§ **Information given**:

══════════

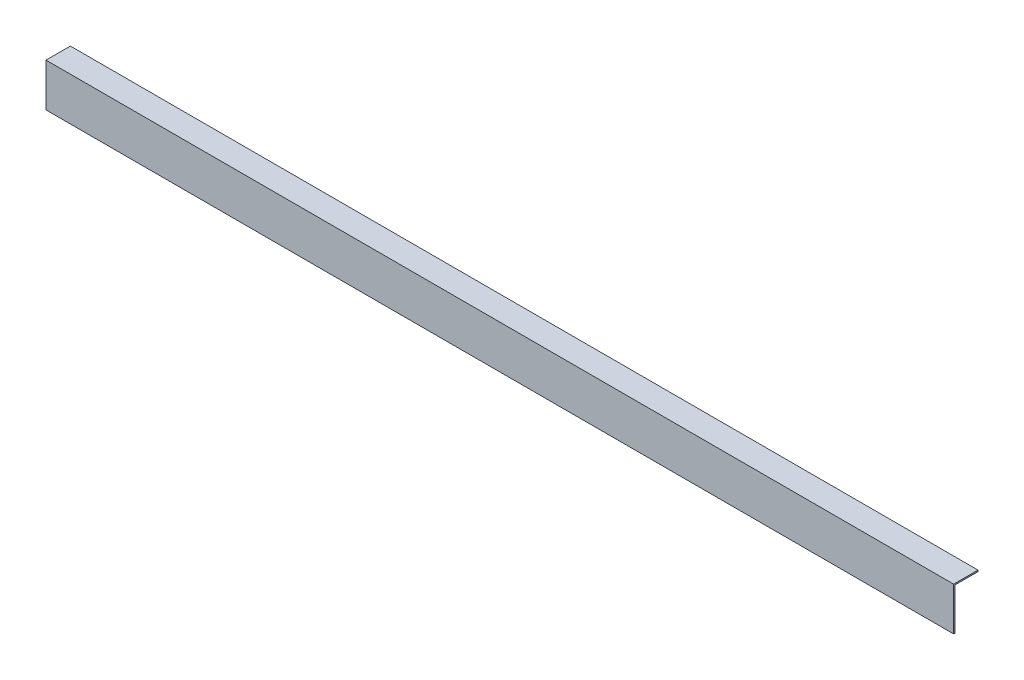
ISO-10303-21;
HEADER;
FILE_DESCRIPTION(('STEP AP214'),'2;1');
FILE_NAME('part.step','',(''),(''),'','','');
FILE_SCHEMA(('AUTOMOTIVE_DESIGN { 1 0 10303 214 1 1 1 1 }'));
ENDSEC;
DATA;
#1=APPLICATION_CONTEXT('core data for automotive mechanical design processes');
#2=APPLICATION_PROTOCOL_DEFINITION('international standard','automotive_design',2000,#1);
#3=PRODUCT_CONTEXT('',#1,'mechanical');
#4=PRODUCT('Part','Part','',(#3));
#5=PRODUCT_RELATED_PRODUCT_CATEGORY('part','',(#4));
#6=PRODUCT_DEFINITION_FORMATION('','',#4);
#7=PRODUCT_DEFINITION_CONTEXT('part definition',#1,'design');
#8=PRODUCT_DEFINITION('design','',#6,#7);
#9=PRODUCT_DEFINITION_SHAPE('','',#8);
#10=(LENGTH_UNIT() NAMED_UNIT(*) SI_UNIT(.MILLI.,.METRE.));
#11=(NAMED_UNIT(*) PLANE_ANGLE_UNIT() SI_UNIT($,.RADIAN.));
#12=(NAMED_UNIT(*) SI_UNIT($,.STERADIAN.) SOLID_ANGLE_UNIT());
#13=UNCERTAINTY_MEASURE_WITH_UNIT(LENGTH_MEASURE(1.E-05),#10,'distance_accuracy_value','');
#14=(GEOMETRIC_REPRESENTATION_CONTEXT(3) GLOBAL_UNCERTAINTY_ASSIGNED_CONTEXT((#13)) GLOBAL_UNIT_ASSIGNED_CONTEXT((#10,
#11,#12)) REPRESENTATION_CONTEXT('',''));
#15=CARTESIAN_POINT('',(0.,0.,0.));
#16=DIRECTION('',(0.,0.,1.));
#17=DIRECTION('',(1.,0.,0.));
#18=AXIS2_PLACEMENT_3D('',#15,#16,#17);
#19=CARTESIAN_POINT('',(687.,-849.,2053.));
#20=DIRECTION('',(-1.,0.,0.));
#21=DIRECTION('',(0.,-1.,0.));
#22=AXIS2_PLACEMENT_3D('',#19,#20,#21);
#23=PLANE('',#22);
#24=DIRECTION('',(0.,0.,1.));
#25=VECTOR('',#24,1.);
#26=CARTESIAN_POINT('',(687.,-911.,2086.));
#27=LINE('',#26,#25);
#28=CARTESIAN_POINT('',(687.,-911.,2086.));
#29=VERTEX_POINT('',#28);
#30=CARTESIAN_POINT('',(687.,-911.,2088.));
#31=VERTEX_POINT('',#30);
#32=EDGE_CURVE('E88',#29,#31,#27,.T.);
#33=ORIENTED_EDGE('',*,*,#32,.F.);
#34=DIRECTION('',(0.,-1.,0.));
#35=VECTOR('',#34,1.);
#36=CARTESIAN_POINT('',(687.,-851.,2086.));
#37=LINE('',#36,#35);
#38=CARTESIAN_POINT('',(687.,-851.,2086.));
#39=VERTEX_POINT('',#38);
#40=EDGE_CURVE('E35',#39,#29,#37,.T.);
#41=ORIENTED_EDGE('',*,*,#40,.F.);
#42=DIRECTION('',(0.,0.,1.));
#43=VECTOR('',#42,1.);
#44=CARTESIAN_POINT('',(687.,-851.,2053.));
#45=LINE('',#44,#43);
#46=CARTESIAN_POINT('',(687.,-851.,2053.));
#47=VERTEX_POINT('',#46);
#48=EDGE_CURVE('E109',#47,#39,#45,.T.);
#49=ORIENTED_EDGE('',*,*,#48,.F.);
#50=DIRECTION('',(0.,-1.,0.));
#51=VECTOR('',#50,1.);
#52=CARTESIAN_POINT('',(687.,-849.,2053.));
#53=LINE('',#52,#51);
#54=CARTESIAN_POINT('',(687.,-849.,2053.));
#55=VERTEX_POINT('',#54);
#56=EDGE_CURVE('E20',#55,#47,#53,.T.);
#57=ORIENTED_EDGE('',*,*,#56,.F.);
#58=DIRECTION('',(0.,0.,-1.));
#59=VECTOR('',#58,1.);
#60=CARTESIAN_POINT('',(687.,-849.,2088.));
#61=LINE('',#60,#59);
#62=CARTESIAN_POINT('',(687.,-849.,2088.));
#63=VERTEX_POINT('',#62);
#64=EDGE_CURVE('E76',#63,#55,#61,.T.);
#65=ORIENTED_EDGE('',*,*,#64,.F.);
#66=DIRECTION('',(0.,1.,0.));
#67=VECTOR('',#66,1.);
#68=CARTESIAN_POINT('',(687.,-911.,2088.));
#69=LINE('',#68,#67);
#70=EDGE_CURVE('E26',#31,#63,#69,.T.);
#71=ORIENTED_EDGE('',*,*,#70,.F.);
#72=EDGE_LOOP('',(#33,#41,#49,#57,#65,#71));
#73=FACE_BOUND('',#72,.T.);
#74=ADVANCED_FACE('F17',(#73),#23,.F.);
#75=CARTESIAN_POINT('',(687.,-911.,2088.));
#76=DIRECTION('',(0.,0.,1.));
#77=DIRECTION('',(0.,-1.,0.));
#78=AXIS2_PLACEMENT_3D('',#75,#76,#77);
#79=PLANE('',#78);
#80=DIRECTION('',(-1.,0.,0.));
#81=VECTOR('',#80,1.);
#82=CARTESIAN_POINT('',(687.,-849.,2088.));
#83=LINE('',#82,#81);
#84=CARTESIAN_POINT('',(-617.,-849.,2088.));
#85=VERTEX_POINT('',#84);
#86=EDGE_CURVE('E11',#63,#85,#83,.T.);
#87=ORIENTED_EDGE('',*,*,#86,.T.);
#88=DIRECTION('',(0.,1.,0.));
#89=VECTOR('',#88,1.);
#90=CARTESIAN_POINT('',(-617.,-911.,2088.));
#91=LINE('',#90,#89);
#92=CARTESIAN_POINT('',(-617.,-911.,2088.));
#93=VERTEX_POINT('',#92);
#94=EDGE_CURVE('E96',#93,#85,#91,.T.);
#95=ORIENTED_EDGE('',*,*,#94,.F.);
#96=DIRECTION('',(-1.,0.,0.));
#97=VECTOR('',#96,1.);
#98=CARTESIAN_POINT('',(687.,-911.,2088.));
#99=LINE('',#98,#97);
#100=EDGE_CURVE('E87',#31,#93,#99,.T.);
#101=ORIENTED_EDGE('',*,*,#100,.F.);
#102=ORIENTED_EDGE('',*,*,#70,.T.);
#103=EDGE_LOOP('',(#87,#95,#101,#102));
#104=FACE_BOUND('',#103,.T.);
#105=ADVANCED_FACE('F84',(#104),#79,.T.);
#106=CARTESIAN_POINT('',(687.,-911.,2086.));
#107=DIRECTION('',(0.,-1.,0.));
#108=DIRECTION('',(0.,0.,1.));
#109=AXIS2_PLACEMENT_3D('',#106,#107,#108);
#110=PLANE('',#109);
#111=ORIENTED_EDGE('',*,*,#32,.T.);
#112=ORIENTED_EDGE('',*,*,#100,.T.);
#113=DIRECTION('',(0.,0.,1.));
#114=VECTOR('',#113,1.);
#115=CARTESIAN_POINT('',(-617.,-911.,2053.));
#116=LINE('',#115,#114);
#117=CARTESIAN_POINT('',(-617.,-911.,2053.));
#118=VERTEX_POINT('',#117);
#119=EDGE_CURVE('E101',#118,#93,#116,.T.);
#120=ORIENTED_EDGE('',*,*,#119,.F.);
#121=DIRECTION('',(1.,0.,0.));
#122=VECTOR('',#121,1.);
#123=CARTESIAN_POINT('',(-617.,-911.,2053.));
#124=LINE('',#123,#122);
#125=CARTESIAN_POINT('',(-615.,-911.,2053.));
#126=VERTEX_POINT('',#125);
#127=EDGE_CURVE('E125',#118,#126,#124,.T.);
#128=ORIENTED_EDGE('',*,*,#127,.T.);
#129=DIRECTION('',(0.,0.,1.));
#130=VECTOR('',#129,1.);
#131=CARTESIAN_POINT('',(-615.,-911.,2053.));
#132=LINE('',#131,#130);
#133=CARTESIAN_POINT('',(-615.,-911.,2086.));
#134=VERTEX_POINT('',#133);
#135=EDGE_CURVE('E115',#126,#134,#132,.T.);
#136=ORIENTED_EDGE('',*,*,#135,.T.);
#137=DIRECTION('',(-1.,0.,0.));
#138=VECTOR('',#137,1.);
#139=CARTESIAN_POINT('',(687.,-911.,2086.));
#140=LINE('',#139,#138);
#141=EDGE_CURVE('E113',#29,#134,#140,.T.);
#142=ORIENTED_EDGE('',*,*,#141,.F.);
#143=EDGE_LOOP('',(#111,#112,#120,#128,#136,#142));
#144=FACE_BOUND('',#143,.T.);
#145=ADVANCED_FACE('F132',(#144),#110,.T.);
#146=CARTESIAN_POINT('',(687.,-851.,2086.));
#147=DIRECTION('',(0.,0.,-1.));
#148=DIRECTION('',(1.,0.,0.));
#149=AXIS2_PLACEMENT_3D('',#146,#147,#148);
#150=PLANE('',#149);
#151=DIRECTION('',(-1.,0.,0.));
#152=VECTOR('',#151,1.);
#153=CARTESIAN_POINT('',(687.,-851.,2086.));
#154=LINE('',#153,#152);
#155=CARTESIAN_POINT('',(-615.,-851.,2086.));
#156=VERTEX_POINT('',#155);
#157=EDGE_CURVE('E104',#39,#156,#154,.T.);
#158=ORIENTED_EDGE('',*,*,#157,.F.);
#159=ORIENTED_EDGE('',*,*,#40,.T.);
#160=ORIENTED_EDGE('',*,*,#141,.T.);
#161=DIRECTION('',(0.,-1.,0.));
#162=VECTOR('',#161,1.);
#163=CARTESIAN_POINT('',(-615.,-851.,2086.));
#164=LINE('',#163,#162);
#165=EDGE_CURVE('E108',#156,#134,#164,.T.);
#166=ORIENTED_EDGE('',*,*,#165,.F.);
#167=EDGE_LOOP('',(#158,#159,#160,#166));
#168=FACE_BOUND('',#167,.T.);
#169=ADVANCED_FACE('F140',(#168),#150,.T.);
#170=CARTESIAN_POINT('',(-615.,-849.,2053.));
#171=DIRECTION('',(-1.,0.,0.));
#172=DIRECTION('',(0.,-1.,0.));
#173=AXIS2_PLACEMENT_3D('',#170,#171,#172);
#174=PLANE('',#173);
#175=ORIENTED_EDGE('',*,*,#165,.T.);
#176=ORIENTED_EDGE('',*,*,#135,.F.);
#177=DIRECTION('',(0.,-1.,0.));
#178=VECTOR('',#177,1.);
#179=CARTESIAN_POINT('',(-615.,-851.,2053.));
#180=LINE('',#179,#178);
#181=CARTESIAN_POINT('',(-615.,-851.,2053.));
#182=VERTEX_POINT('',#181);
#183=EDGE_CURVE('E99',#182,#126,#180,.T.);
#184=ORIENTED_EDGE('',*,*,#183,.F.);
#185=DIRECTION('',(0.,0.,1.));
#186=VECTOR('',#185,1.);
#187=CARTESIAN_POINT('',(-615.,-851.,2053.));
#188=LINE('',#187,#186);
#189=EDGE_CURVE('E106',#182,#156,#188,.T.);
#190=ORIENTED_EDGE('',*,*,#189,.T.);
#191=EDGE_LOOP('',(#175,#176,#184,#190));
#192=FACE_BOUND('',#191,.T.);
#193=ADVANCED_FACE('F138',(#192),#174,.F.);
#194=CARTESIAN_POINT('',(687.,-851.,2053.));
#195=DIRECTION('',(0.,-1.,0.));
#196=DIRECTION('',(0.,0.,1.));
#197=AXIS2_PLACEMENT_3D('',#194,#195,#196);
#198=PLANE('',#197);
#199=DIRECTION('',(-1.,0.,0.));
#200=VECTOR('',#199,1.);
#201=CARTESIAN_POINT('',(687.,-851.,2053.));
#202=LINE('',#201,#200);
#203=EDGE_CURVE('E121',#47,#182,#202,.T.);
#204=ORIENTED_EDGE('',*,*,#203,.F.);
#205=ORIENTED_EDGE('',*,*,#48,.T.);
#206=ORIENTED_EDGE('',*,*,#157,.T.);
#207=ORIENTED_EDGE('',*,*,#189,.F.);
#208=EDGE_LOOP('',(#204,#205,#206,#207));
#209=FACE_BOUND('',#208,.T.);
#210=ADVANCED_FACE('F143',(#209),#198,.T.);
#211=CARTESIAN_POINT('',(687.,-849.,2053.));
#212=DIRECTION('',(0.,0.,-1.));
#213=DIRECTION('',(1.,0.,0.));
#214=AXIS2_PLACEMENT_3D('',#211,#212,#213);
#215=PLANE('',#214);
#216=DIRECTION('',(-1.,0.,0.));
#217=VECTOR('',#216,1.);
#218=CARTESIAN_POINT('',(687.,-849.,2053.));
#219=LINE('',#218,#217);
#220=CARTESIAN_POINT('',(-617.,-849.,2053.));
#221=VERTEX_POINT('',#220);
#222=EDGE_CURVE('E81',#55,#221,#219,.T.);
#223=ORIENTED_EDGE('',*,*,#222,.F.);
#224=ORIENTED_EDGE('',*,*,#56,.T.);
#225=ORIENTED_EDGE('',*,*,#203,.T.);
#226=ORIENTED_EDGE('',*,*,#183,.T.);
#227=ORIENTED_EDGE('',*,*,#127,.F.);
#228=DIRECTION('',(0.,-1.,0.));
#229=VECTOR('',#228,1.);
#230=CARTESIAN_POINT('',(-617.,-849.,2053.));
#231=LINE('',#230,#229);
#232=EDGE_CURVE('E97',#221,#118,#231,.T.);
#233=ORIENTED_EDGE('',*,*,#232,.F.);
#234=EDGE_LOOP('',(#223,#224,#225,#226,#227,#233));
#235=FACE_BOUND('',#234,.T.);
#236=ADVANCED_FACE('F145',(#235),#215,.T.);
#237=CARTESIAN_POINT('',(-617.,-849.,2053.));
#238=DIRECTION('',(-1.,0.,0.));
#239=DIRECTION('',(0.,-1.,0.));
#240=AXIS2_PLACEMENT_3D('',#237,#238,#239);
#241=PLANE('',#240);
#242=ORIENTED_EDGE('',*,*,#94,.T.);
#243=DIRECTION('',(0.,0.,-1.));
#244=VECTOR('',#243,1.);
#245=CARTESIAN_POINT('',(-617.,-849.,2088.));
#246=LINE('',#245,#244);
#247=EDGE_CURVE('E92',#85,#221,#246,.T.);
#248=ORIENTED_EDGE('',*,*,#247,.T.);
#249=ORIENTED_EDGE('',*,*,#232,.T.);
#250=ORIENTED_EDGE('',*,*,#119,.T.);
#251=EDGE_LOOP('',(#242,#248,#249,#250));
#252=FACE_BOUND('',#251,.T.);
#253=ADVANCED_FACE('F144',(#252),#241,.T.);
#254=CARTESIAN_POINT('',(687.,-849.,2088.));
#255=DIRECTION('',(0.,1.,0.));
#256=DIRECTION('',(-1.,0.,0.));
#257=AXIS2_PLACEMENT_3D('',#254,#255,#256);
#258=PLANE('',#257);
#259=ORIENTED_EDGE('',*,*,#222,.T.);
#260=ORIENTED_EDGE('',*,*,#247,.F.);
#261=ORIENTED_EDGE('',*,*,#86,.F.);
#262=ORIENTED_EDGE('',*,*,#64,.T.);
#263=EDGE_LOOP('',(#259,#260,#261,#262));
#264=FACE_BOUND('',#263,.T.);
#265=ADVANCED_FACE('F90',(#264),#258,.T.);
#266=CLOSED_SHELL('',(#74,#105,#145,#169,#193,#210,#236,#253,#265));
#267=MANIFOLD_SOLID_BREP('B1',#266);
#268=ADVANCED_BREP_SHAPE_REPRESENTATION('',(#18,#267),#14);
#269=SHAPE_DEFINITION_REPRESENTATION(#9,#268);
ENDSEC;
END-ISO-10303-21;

══════════

§ **What is being asked**: When the line with "#177=DIRECTION('',(0.,-1.,0.));" is reached in the data above, start copying there, and copy each line exactly until the line with "#204=ORIENTED_EDGE('',*,*,#203,.F.);" has been copied; copy nothing else.

§ **Reply**:
#177=DIRECTION('',(0.,-1.,0.));
#178=VECTOR('',#177,1.);
#179=CARTESIAN_POINT('',(-615.,-851.,2053.));
#180=LINE('',#179,#178);
#181=CARTESIAN_POINT('',(-615.,-851.,2053.));
#182=VERTEX_POINT('',#181);
#183=EDGE_CURVE('E99',#182,#126,#180,.T.);
#184=ORIENTED_EDGE('',*,*,#183,.F.);
#185=DIRECTION('',(0.,0.,1.));
#186=VECTOR('',#185,1.);
#187=CARTESIAN_POINT('',(-615.,-851.,2053.));
#188=LINE('',#187,#186);
#189=EDGE_CURVE('E106',#182,#156,#188,.T.);
#190=ORIENTED_EDGE('',*,*,#189,.T.);
#191=EDGE_LOOP('',(#175,#176,#184,#190));
#192=FACE_BOUND('',#191,.T.);
#193=ADVANCED_FACE('F138',(#192),#174,.F.);
#194=CARTESIAN_POINT('',(687.,-851.,2053.));
#195=DIRECTION('',(0.,-1.,0.));
#196=DIRECTION('',(0.,0.,1.));
#197=AXIS2_PLACEMENT_3D('',#194,#195,#196);
#198=PLANE('',#197);
#199=DIRECTION('',(-1.,0.,0.));
#200=VECTOR('',#199,1.);
#201=CARTESIAN_POINT('',(687.,-851.,2053.));
#202=LINE('',#201,#200);
#203=EDGE_CURVE('E121',#47,#182,#202,.T.);
#204=ORIENTED_EDGE('',*,*,#203,.F.);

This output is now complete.